Potentiometric detection of spin polarization expected at the surface of FeTe0.6Se0.4 in the effective p-wave superconducting state

Nowadays, the quest for non-Abelian anyons is attracting tremendous attention. In particular, a Majorana quasiparticle has attracted great interest since the non-Abelian anyon is a key particle for topological quantum computation. Much effort has been paid for the quest of the Majorana state in solids, and some candidate material platforms are reported. Among various materials that can host the Majorana state, chiral p-wave superconductor is one of the suitable materials and the iron-based layered superconductor FeTeSe is one of the promising material platforms because its surface can host effective p-wave superconducting state that is analogous to chiral p-wave superconducting state thanks to its topological surface state. Given that a chiral p-wave superconductor possesses spin polarization, detecting the spin polarization can be evidence for the chiral p-wave trait, which results in the existence of Majorana excitation.
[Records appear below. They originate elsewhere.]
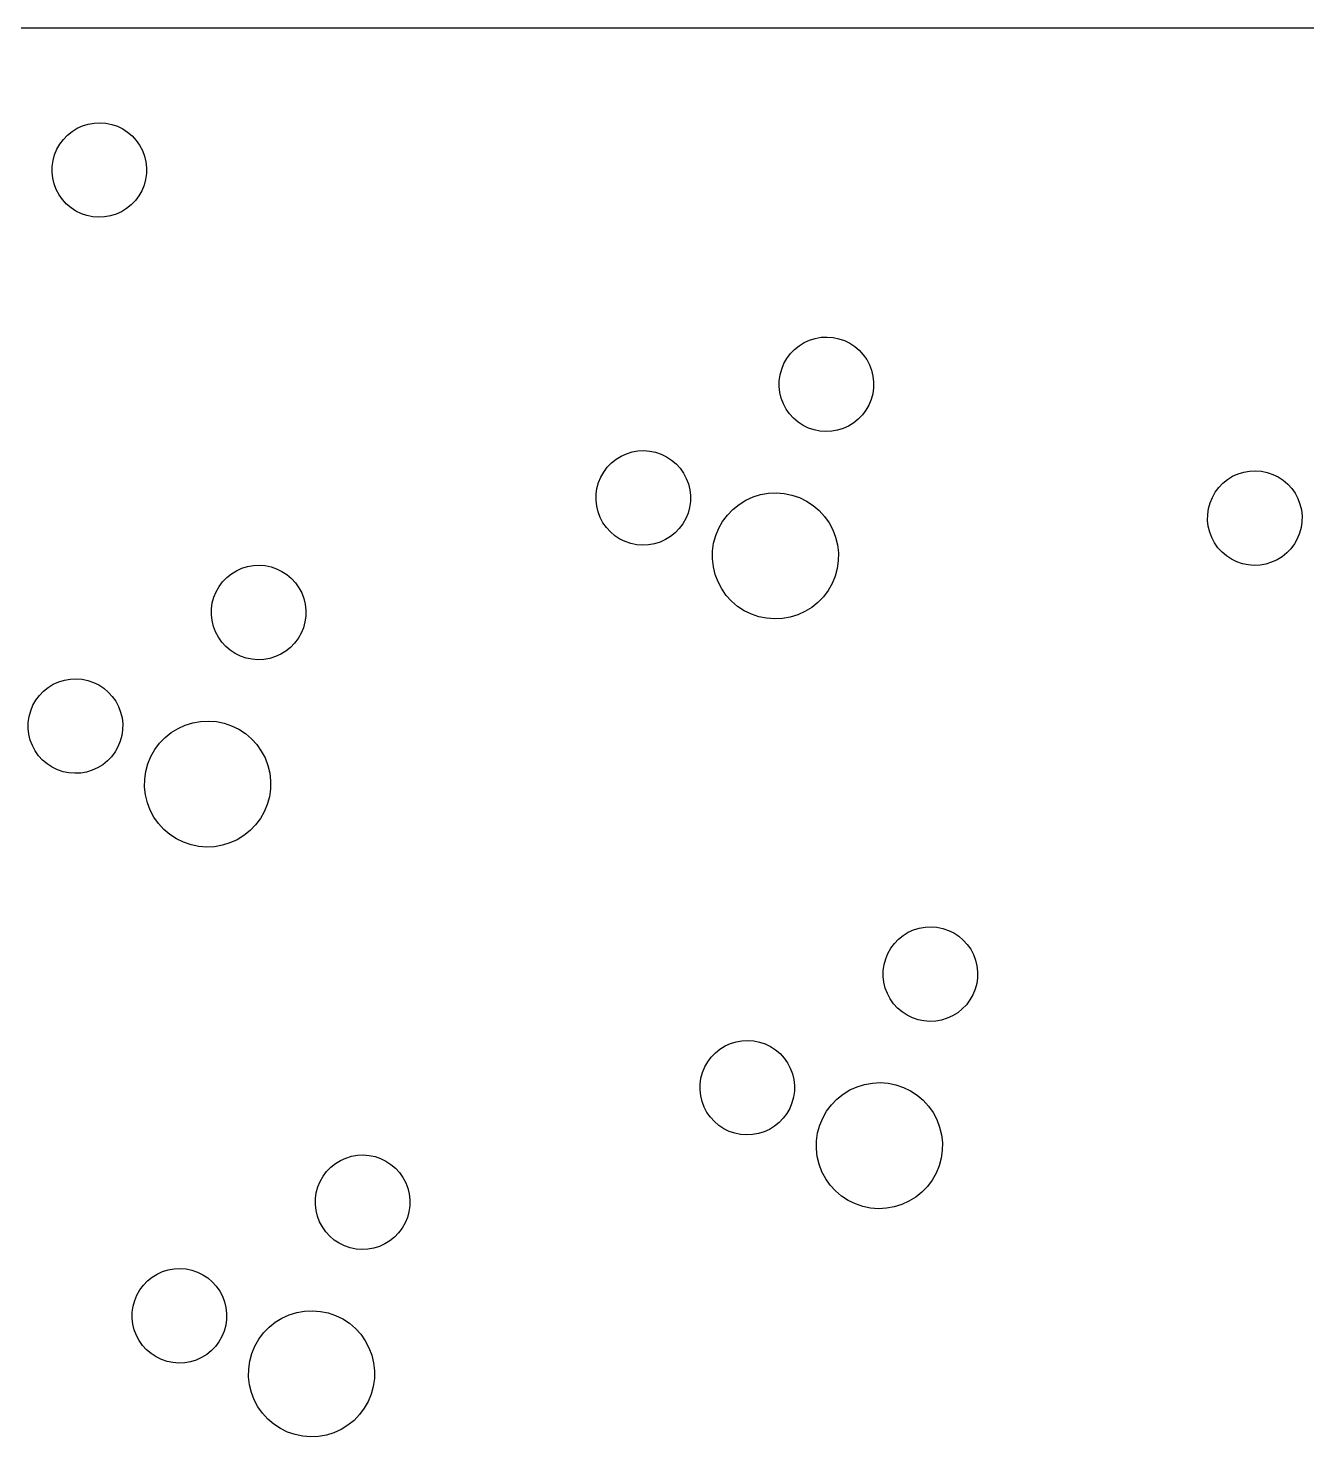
# Model space of a CAD drawing. Header units: metres. Extents: x -109 to 109, y -20 to 77.
# Drawn here: x 26 to 66.57, y 32.41 to 77.1 of the extents above; entities that cross this region are included whole.
import ezdxf

# ---------------------------------------------------------------- set-up
doc = ezdxf.new("R2010")
doc.units = ezdxf.units.M

msp = doc.modelspace()

# ---------------------------------------------------------------- linework, layer by layer
for p, q in [((93.2897, 77.1047), (4.5, 77.1047)), ((27.2434, 73.7128), (27.3902, 73.8308)), ((27.3902, 73.8308), (27.5506, 73.9295)), ((27.5506, 73.9295), (27.7222, 74.0074)), ((27.7222, 74.0074), (27.9021, 74.0631)), ((27.9021, 74.0631), (28.0876, 74.0958)), ((28.0876, 74.0958), (28.2758, 74.105)), ((28.2758, 74.105), (28.4636, 74.0905)), ((28.4636, 74.0905), (28.6481, 74.0526)), ((28.6481, 74.0526), (28.8265, 73.9919)), ((28.8265, 73.9919), (28.9958, 73.9094)), ((28.9958, 73.9094), (29.1534, 73.8062)), ((29.1534, 73.8062), (29.2968, 73.6841)), ((26.9067, 73.2627), (26.9997, 73.4265)), ((26.9997, 73.4265), (27.1125, 73.5773)), ((27.1125, 73.5773), (27.2434, 73.7128)), ((29.2968, 73.6841), (29.4239, 73.545)), ((29.4239, 73.545), (29.5324, 73.3911)), ((29.5324, 73.3911), (29.6209, 73.2248)), ((26.7593, 72.7202), (26.7855, 72.9067)), ((26.7855, 72.9067), (26.8349, 73.0885)), ((26.8349, 73.0885), (26.9067, 73.2627)), ((29.6209, 73.2248), (29.6878, 73.0487)), ((29.6878, 73.0487), (29.7321, 72.8656)), ((29.7321, 72.8656), (29.7531, 72.6784)), ((26.7567, 72.5318), (26.7593, 72.7202)), ((26.7776, 72.3447), (26.7567, 72.5318)), ((29.7504, 72.49), (29.7242, 72.3035)), ((29.7531, 72.6784), (29.7504, 72.49)), ((26.8219, 72.1616), (26.7776, 72.3447)), ((26.8888, 71.9855), (26.8219, 72.1616)), ((26.9773, 71.8191), (26.8888, 71.9855)), ((29.6748, 72.1217), (29.603, 71.9476)), ((29.7242, 72.3035), (29.6748, 72.1217)), ((27.0858, 71.6652), (26.9773, 71.8191)), ((27.2129, 71.5261), (27.0858, 71.6652)), ((27.3563, 71.404), (27.2129, 71.5261)), ((29.3972, 71.6329), (29.2663, 71.4974)), ((29.51, 71.7838), (29.3972, 71.6329)), ((29.603, 71.9476), (29.51, 71.7838)), ((27.5139, 71.3009), (27.3563, 71.404)), ((27.6833, 71.2183), (27.5139, 71.3009)), ((27.8616, 71.1576), (27.6833, 71.2183)), ((28.0461, 71.1197), (27.8616, 71.1576)), ((28.2339, 71.1053), (28.0461, 71.1197)), ((28.4221, 71.1145), (28.2339, 71.1053)), ((28.6076, 71.1472), (28.4221, 71.1145)), ((28.7875, 71.2029), (28.6076, 71.1472)), ((28.9591, 71.2807), (28.7875, 71.2029)), ((29.1195, 71.3794), (28.9591, 71.2807)), ((29.2663, 71.4974), (29.1195, 71.3794)), ((50.4614, 67.0315), (50.6218, 67.1302)), ((50.6218, 67.1302), (50.7934, 67.208)), ((50.7934, 67.208), (50.9733, 67.2637)), ((50.9733, 67.2637), (51.1588, 67.2964)), ((51.1588, 67.2964), (51.347, 67.3056)), ((51.347, 67.3056), (51.5348, 67.2912)), ((51.5348, 67.2912), (51.7193, 67.2533)), ((51.7193, 67.2533), (51.8976, 67.1926)), ((51.8976, 67.1926), (52.067, 67.11)), ((52.067, 67.11), (52.2246, 67.0069)), ((49.9778, 66.4633), (50.0709, 66.6271)), ((50.0709, 66.6271), (50.1837, 66.778)), ((50.1837, 66.778), (50.3146, 66.9135)), ((50.3146, 66.9135), (50.4614, 67.0315)), ((52.2246, 67.0069), (52.368, 66.8848)), ((52.368, 66.8848), (52.495, 66.7457)), ((52.495, 66.7457), (52.6036, 66.5918)), ((49.8567, 66.1074), (49.9061, 66.2892)), ((49.9061, 66.2892), (49.9778, 66.4633)), ((52.6036, 66.5918), (52.6921, 66.4255)), ((52.6921, 66.4255), (52.759, 66.2494)), ((52.759, 66.2494), (52.8033, 66.0663)), ((49.8278, 65.7325), (49.8305, 65.9209)), ((49.8488, 65.5453), (49.8278, 65.7325)), ((49.8305, 65.9209), (49.8567, 66.1074)), ((52.8033, 66.0663), (52.8242, 65.8791)), ((52.8242, 65.8791), (52.8216, 65.6907)), ((49.8931, 65.3622), (49.8488, 65.5453)), ((49.96, 65.1861), (49.8931, 65.3622)), ((52.746, 65.3224), (52.6742, 65.1483)), ((52.7954, 65.5042), (52.746, 65.3224)), ((52.8216, 65.6907), (52.7954, 65.5042)), ((50.0484, 65.0198), (49.96, 65.1861)), ((50.157, 64.8659), (50.0484, 65.0198)), ((50.284, 64.7268), (50.157, 64.8659)), ((52.4683, 64.8336), (52.3375, 64.6981)), ((52.5812, 64.9845), (52.4683, 64.8336)), ((52.6742, 65.1483), (52.5812, 64.9845)), ((50.4275, 64.6047), (50.284, 64.7268)), ((50.5851, 64.5016), (50.4275, 64.6047)), ((50.7544, 64.419), (50.5851, 64.5016)), ((50.9328, 64.3583), (50.7544, 64.419)), ((51.1173, 64.3204), (50.9328, 64.3583)), ((51.8587, 64.4036), (51.6787, 64.3479)), ((52.0303, 64.4814), (51.8587, 64.4036)), ((52.1907, 64.5801), (52.0303, 64.4814)), ((52.3375, 64.6981), (52.1907, 64.5801)), ((51.3051, 64.306), (51.1173, 64.3204)), ((51.4932, 64.3151), (51.3051, 64.306)), ((51.6787, 64.3479), (51.4932, 64.3151)), ((44.649, 63.4274), (44.8094, 63.5262)), ((44.8094, 63.5262), (44.9809, 63.604)), ((44.9809, 63.604), (45.1609, 63.6597)), ((45.1609, 63.6597), (45.3464, 63.6924)), ((45.3464, 63.6924), (45.5345, 63.7016)), ((45.5345, 63.7016), (45.7224, 63.6871)), ((45.7224, 63.6871), (45.9069, 63.6492)), ((45.9069, 63.6492), (46.0852, 63.5885)), ((46.0852, 63.5885), (46.2545, 63.506)), ((46.2545, 63.506), (46.4121, 63.4028)), ((44.1654, 62.8593), (44.2585, 63.0231)), ((44.2585, 63.0231), (44.3713, 63.1739)), ((44.3713, 63.1739), (44.5021, 63.3094)), ((44.5021, 63.3094), (44.649, 63.4274)), ((46.4121, 63.4028), (46.5556, 63.2807)), ((46.5556, 63.2807), (46.6826, 63.1416)), ((46.6826, 63.1416), (46.7912, 62.9877)), ((64.3869, 62.9641), (64.5668, 63.0197)), ((64.5668, 63.0197), (64.7523, 63.0525)), ((64.7523, 63.0525), (64.9405, 63.0617)), ((64.9405, 63.0617), (65.1283, 63.0472)), ((65.1283, 63.0472), (65.3128, 63.0093)), ((44.0442, 62.5033), (44.0936, 62.6851)), ((44.0936, 62.6851), (44.1654, 62.8593)), ((46.7912, 62.9877), (46.8796, 62.8214)), ((46.8796, 62.8214), (46.9465, 62.6453)), ((46.9465, 62.6453), (46.9908, 62.4622)), ((63.7772, 62.534), (63.9081, 62.6695)), ((63.9081, 62.6695), (64.0549, 62.7875)), ((64.0549, 62.7875), (64.2153, 62.8862)), ((64.2153, 62.8862), (64.3869, 62.9641)), ((65.3128, 63.0093), (65.4911, 62.9486)), ((65.4911, 62.9486), (65.6604, 62.866)), ((65.6604, 62.866), (65.8181, 62.7629)), ((65.8181, 62.7629), (65.9615, 62.6408)), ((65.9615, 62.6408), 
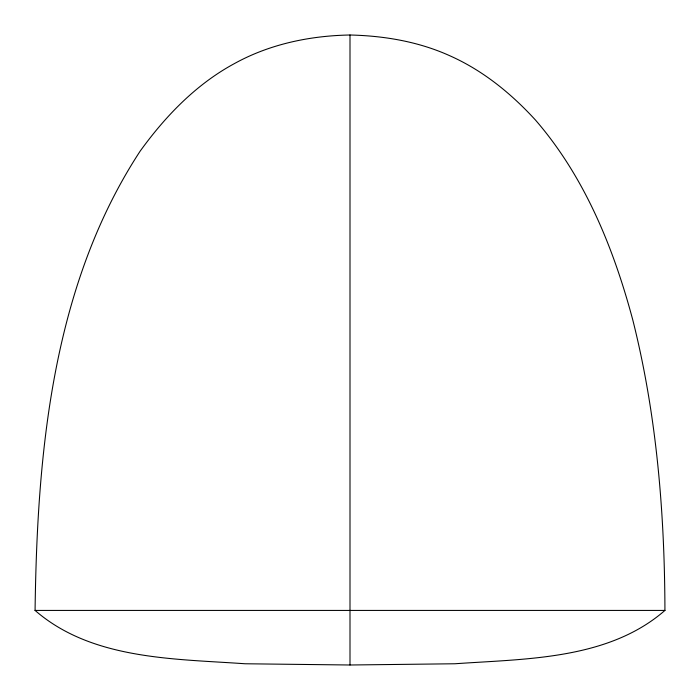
<?xml version="1.0" encoding="UTF-8"?>
<svg xmlns="http://www.w3.org/2000/svg" width="700" height="700" viewBox="0 0 700 700"><rect width="100%" height="100%" fill="white"/><g stroke="black" fill="none" stroke-linecap="round" stroke-linejoin="round"><path stroke-width="1.05" d="M350 35C309.995 35.709 269.692 44.091 234.456 63.569C196.166 84.228 165.384 116.191 140.131 151.174C51.931 285.959 37.205 453.451 35.07 610.426C91.884 659.916 174.195 658.735 245.079 663.766L350 665L454.921 663.766C525.805 658.735 608.116 659.916 664.93 610.426C664.659 512.837 656.67 414.759 632.774 319.909C613.559 248.019 584.736 176.96 535.544 120.129C511.367 93.651 483.061 70.586 450.144 55.904C418.775 41.633 384.274 35.805 350 35L350 665M35 610.426L665 610.426"/></g></svg>

Here, we show successful detection of the spin polarization at the surface of FeTe0.6Se0.4 in its superconducting state, where the spin polarization is detected via a potentiometric method. Amplitudes of the spin signal exhibit characteristic dependence for temperature and bias current, suggesting detection of spin polarization of the Bogoliubov quasiparticles. Our achievement opens a new avenue to explore topological superconductivity for fault-tolerant quantum computation.